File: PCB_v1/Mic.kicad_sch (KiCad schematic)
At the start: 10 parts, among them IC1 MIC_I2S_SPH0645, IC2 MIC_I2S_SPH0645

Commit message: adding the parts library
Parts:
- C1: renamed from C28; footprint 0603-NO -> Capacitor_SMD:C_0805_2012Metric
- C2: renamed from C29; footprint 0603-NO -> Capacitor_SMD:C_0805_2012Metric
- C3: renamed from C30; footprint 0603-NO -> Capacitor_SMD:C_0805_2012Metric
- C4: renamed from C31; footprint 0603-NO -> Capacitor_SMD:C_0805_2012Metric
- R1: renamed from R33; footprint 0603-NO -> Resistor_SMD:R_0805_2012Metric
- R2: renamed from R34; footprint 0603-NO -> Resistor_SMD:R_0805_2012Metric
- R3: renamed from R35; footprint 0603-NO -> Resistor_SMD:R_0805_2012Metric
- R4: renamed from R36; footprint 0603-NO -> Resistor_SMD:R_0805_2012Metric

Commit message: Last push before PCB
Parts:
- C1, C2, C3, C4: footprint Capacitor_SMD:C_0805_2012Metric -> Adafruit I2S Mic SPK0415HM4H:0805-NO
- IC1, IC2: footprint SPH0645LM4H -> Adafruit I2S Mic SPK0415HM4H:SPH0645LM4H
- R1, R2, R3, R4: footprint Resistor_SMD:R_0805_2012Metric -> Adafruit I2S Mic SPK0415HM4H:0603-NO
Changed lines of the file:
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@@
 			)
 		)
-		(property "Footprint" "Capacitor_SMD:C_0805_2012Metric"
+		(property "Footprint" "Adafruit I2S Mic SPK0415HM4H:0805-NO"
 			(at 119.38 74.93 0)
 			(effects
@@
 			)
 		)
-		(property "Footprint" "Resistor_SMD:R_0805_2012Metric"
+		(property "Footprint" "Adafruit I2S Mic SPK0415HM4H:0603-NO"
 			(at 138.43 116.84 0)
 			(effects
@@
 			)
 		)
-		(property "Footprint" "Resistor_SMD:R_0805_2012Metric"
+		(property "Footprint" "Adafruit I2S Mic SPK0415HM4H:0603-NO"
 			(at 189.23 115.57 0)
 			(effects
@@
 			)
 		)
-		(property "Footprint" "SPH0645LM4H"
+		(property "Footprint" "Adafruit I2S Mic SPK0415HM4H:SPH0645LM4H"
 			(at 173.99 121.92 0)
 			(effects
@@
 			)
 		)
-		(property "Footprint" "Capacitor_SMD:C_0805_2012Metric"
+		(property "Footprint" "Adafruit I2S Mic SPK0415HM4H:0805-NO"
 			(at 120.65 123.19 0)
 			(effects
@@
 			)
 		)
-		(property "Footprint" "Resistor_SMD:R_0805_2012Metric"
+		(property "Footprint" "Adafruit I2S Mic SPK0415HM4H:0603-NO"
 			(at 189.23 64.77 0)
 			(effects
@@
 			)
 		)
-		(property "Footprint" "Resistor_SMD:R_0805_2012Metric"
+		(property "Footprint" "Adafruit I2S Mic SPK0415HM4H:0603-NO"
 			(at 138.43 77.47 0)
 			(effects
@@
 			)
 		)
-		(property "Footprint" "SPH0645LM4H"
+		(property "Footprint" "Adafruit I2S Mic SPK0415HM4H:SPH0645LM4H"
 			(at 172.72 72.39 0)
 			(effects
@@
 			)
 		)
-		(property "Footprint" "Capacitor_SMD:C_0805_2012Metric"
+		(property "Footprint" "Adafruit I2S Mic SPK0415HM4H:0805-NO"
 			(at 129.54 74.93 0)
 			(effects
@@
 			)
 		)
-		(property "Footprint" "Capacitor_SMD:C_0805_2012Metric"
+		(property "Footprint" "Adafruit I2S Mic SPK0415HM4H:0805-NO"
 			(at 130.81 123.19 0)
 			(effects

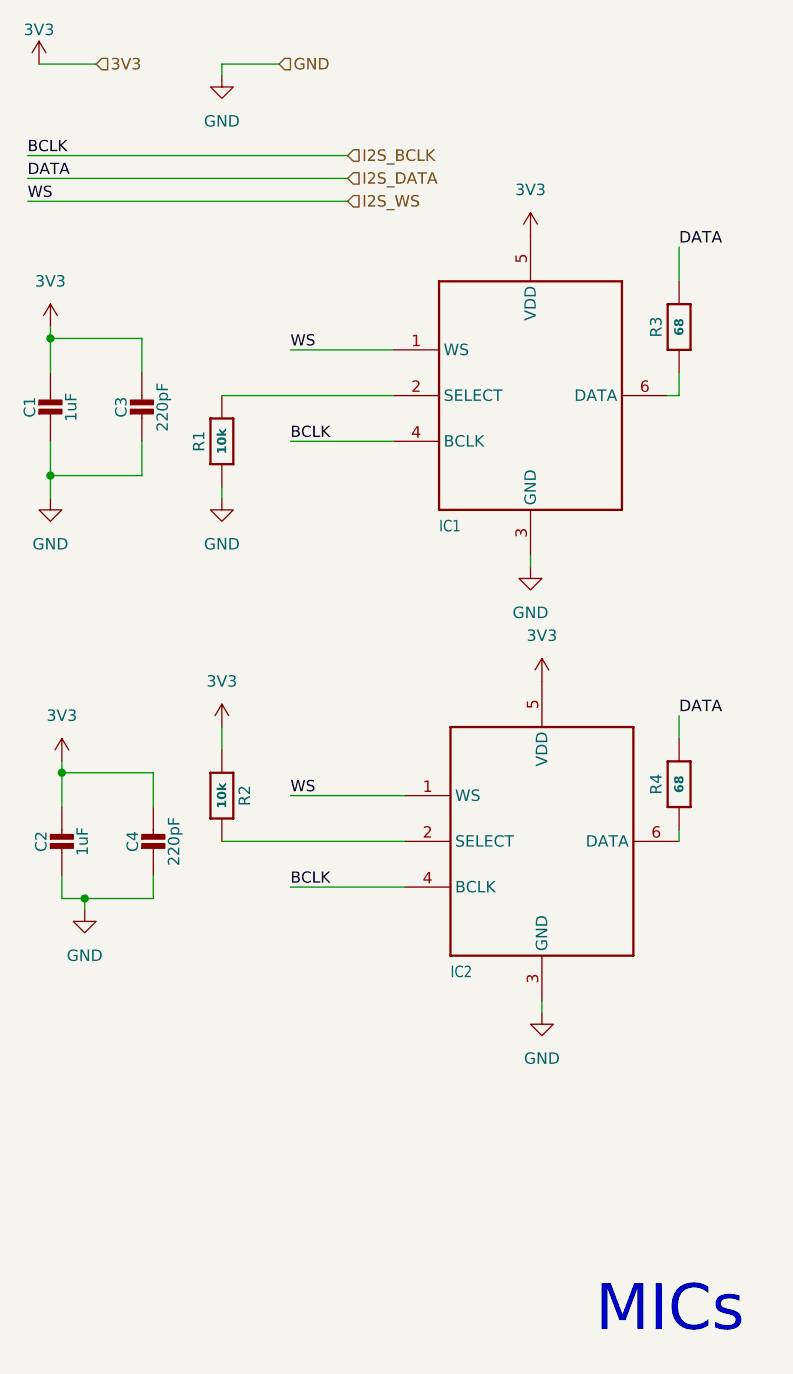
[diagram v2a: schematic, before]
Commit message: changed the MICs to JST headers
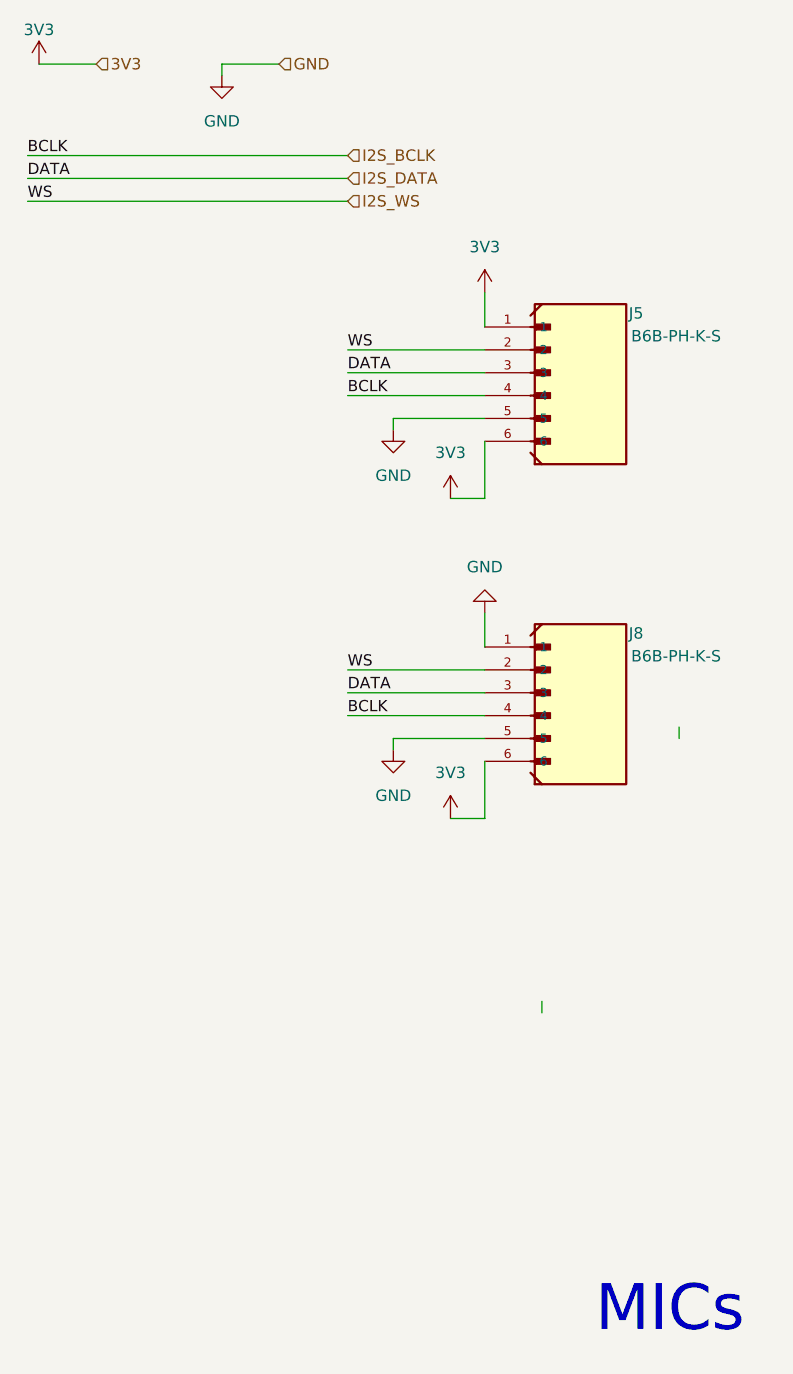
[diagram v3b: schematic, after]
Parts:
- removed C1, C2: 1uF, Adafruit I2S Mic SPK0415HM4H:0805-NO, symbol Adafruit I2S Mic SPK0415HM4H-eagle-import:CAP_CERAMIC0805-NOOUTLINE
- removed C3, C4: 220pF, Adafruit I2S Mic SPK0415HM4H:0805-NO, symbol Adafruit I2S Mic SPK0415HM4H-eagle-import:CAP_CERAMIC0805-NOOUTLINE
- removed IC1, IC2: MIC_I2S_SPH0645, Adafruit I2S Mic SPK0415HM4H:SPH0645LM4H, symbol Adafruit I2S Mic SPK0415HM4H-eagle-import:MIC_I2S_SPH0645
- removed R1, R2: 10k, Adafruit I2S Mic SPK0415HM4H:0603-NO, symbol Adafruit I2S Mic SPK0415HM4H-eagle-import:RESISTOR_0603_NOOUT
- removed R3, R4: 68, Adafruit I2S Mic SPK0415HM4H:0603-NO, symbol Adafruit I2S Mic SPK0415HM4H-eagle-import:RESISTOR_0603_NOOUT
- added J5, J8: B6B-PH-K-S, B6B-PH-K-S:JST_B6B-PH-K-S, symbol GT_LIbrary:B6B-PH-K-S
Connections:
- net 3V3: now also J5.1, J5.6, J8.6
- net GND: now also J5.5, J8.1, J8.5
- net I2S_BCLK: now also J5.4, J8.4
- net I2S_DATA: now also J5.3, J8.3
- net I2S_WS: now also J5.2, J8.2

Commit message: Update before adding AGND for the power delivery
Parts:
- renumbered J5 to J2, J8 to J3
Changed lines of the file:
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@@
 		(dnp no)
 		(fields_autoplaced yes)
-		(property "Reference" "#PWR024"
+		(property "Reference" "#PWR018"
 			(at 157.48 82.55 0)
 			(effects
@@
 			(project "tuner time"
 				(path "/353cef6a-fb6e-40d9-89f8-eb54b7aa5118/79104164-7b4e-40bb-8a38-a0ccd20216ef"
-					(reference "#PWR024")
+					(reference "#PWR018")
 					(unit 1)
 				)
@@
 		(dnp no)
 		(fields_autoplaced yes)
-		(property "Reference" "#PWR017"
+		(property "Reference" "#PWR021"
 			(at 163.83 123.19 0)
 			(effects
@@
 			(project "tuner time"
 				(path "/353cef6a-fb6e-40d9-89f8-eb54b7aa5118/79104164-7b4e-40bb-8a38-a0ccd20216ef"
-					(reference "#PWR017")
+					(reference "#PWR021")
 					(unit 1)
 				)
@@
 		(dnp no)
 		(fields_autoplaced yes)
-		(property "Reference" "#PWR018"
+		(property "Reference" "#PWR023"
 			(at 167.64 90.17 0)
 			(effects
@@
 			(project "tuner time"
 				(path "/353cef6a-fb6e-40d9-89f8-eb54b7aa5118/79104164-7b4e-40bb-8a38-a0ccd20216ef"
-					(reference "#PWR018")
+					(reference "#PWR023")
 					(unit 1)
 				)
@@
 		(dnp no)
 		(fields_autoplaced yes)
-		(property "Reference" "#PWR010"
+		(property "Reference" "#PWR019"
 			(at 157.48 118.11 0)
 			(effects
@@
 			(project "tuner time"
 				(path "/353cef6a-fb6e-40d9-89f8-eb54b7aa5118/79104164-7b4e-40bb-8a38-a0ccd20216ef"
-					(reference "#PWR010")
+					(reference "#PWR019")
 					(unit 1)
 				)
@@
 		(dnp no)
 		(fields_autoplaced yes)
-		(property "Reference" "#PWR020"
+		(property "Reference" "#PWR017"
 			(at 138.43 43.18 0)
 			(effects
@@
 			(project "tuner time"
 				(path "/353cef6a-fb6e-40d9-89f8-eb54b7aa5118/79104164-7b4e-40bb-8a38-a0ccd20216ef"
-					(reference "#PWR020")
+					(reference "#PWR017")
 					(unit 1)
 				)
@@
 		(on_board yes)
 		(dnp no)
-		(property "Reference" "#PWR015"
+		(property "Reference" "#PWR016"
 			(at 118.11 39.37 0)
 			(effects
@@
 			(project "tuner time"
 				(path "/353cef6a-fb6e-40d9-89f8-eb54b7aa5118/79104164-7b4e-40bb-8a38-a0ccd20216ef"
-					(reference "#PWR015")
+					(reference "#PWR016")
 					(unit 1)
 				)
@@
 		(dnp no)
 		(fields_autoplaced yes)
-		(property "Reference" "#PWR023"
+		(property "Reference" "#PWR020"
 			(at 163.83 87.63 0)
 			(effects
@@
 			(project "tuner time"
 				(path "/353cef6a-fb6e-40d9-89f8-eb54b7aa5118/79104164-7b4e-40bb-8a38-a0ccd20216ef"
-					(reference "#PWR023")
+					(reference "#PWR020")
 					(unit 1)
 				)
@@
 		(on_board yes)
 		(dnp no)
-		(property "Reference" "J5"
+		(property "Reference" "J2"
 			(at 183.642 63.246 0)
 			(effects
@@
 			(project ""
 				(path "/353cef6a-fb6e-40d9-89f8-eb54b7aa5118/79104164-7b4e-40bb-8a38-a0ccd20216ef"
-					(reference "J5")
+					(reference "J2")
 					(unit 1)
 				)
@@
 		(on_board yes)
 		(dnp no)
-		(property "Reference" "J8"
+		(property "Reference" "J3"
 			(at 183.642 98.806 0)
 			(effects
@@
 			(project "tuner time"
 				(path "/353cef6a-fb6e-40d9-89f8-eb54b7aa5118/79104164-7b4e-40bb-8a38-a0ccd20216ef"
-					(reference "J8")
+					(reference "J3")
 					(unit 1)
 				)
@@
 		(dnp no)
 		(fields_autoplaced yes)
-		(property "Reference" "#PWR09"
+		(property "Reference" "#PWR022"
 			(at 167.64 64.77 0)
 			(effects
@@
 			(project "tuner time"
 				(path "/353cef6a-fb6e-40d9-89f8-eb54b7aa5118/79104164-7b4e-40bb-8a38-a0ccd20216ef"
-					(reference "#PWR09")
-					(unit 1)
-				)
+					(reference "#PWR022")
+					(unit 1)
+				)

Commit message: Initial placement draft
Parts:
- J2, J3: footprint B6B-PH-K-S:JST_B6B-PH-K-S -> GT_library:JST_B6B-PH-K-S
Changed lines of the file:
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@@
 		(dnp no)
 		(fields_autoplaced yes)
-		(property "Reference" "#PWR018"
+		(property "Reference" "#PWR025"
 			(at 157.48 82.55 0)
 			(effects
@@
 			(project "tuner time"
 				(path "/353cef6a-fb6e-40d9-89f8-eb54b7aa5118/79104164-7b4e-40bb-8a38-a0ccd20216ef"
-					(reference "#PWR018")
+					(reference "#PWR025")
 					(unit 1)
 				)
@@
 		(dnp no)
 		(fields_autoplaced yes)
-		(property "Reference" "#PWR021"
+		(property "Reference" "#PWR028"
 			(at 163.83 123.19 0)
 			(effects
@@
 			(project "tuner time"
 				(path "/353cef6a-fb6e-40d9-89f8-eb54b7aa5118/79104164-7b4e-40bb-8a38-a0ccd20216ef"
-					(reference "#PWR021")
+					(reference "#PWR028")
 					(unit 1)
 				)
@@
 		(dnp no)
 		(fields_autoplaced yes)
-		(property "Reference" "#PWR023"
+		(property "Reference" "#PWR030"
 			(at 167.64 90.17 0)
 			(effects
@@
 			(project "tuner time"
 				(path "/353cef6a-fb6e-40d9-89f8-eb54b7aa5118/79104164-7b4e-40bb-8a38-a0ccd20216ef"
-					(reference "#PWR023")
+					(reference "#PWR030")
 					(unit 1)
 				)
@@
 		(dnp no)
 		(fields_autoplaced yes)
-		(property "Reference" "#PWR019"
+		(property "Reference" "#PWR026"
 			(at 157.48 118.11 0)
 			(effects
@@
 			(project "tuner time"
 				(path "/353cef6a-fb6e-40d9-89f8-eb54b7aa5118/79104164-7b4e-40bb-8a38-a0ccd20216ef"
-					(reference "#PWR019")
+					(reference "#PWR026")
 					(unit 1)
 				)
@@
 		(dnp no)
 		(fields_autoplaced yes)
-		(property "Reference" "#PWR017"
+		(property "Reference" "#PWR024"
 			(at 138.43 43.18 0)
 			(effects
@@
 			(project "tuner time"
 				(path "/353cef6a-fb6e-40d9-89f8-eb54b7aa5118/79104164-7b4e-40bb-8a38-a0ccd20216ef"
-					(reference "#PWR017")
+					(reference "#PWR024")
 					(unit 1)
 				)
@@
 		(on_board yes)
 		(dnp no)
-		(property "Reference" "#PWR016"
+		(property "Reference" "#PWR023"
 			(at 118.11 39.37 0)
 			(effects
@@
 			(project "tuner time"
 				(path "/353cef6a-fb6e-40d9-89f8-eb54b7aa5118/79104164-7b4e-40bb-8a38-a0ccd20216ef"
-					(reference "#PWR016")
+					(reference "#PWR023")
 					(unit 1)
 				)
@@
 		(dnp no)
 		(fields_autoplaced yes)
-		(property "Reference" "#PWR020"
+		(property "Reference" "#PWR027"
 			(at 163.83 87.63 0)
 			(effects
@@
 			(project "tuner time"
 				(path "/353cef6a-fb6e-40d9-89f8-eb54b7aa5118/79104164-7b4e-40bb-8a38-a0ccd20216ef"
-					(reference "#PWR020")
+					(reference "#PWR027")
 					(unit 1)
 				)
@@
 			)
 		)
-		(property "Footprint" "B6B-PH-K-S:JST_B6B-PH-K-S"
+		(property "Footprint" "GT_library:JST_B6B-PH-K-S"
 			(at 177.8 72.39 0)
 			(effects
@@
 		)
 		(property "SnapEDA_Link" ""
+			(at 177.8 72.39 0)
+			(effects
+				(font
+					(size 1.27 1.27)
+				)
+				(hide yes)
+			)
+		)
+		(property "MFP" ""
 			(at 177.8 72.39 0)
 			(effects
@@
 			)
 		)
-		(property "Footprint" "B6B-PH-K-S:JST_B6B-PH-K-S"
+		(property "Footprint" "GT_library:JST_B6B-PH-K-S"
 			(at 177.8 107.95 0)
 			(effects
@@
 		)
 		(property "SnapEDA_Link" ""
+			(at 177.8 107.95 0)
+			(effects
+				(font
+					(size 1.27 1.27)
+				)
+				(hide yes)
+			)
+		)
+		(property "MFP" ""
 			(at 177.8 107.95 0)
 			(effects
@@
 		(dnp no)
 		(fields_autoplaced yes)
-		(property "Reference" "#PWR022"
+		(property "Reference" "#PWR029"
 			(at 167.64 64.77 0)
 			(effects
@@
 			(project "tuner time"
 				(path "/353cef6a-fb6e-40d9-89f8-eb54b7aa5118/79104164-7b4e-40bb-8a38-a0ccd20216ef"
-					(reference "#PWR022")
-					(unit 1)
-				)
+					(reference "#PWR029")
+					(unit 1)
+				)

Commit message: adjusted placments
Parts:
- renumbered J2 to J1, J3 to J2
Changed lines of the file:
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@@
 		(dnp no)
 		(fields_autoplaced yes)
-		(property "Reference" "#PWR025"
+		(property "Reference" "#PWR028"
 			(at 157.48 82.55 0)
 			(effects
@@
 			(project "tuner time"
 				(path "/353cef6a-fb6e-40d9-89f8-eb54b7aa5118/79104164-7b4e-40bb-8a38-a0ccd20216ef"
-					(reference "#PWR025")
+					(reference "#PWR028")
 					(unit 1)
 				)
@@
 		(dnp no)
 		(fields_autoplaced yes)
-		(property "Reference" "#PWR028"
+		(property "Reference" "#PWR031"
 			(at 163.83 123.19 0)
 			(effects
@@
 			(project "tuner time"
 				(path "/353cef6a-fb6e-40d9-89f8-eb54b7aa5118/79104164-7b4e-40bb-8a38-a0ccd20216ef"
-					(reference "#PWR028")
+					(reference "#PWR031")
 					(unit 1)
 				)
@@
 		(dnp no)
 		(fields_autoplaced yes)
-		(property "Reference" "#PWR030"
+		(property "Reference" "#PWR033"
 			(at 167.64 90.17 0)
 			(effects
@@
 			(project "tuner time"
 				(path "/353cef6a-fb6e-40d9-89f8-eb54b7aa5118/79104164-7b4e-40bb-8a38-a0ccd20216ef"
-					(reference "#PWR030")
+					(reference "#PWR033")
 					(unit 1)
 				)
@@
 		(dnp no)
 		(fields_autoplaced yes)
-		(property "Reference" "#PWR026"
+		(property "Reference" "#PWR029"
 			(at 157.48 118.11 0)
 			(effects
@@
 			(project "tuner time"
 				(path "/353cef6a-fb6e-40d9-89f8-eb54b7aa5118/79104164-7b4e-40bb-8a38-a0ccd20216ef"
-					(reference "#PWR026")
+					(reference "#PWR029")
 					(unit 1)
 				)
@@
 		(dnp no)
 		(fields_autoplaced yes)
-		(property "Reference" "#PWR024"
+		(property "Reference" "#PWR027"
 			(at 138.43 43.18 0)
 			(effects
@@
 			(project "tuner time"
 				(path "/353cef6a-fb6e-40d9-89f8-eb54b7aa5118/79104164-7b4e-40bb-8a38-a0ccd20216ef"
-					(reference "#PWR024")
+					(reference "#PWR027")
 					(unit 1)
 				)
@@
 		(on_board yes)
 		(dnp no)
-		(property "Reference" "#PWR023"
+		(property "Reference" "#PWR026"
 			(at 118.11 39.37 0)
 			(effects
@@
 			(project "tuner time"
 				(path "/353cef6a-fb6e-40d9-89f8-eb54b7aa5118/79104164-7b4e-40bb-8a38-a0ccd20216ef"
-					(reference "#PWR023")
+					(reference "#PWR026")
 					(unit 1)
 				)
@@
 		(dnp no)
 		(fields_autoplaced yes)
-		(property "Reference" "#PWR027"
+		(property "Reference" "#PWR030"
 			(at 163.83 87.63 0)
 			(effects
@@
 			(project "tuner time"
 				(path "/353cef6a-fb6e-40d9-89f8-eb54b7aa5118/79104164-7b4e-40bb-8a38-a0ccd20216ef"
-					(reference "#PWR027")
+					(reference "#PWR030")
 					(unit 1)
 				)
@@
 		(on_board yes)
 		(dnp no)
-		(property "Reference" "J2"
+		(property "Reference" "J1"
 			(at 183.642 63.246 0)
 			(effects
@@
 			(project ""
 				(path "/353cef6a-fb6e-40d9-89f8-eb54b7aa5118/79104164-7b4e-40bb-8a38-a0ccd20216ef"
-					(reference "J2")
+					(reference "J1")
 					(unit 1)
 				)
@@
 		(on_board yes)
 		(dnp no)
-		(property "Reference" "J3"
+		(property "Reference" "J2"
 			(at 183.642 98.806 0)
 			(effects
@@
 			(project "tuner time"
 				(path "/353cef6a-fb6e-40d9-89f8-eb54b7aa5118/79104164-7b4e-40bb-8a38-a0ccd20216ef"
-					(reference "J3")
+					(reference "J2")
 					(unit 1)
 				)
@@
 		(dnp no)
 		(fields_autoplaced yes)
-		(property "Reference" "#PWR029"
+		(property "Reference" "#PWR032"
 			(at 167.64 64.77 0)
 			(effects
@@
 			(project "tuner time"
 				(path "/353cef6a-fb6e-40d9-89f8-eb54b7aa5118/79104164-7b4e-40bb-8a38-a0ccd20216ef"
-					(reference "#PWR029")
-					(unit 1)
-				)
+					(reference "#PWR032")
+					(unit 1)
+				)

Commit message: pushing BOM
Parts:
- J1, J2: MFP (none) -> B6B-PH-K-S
····················
» **WORK TO COMPLETE**:
Scan the records above line by line, counting those where the word "message" appears, and give the count alone.

» **EXERCISE OUTPUT**:
7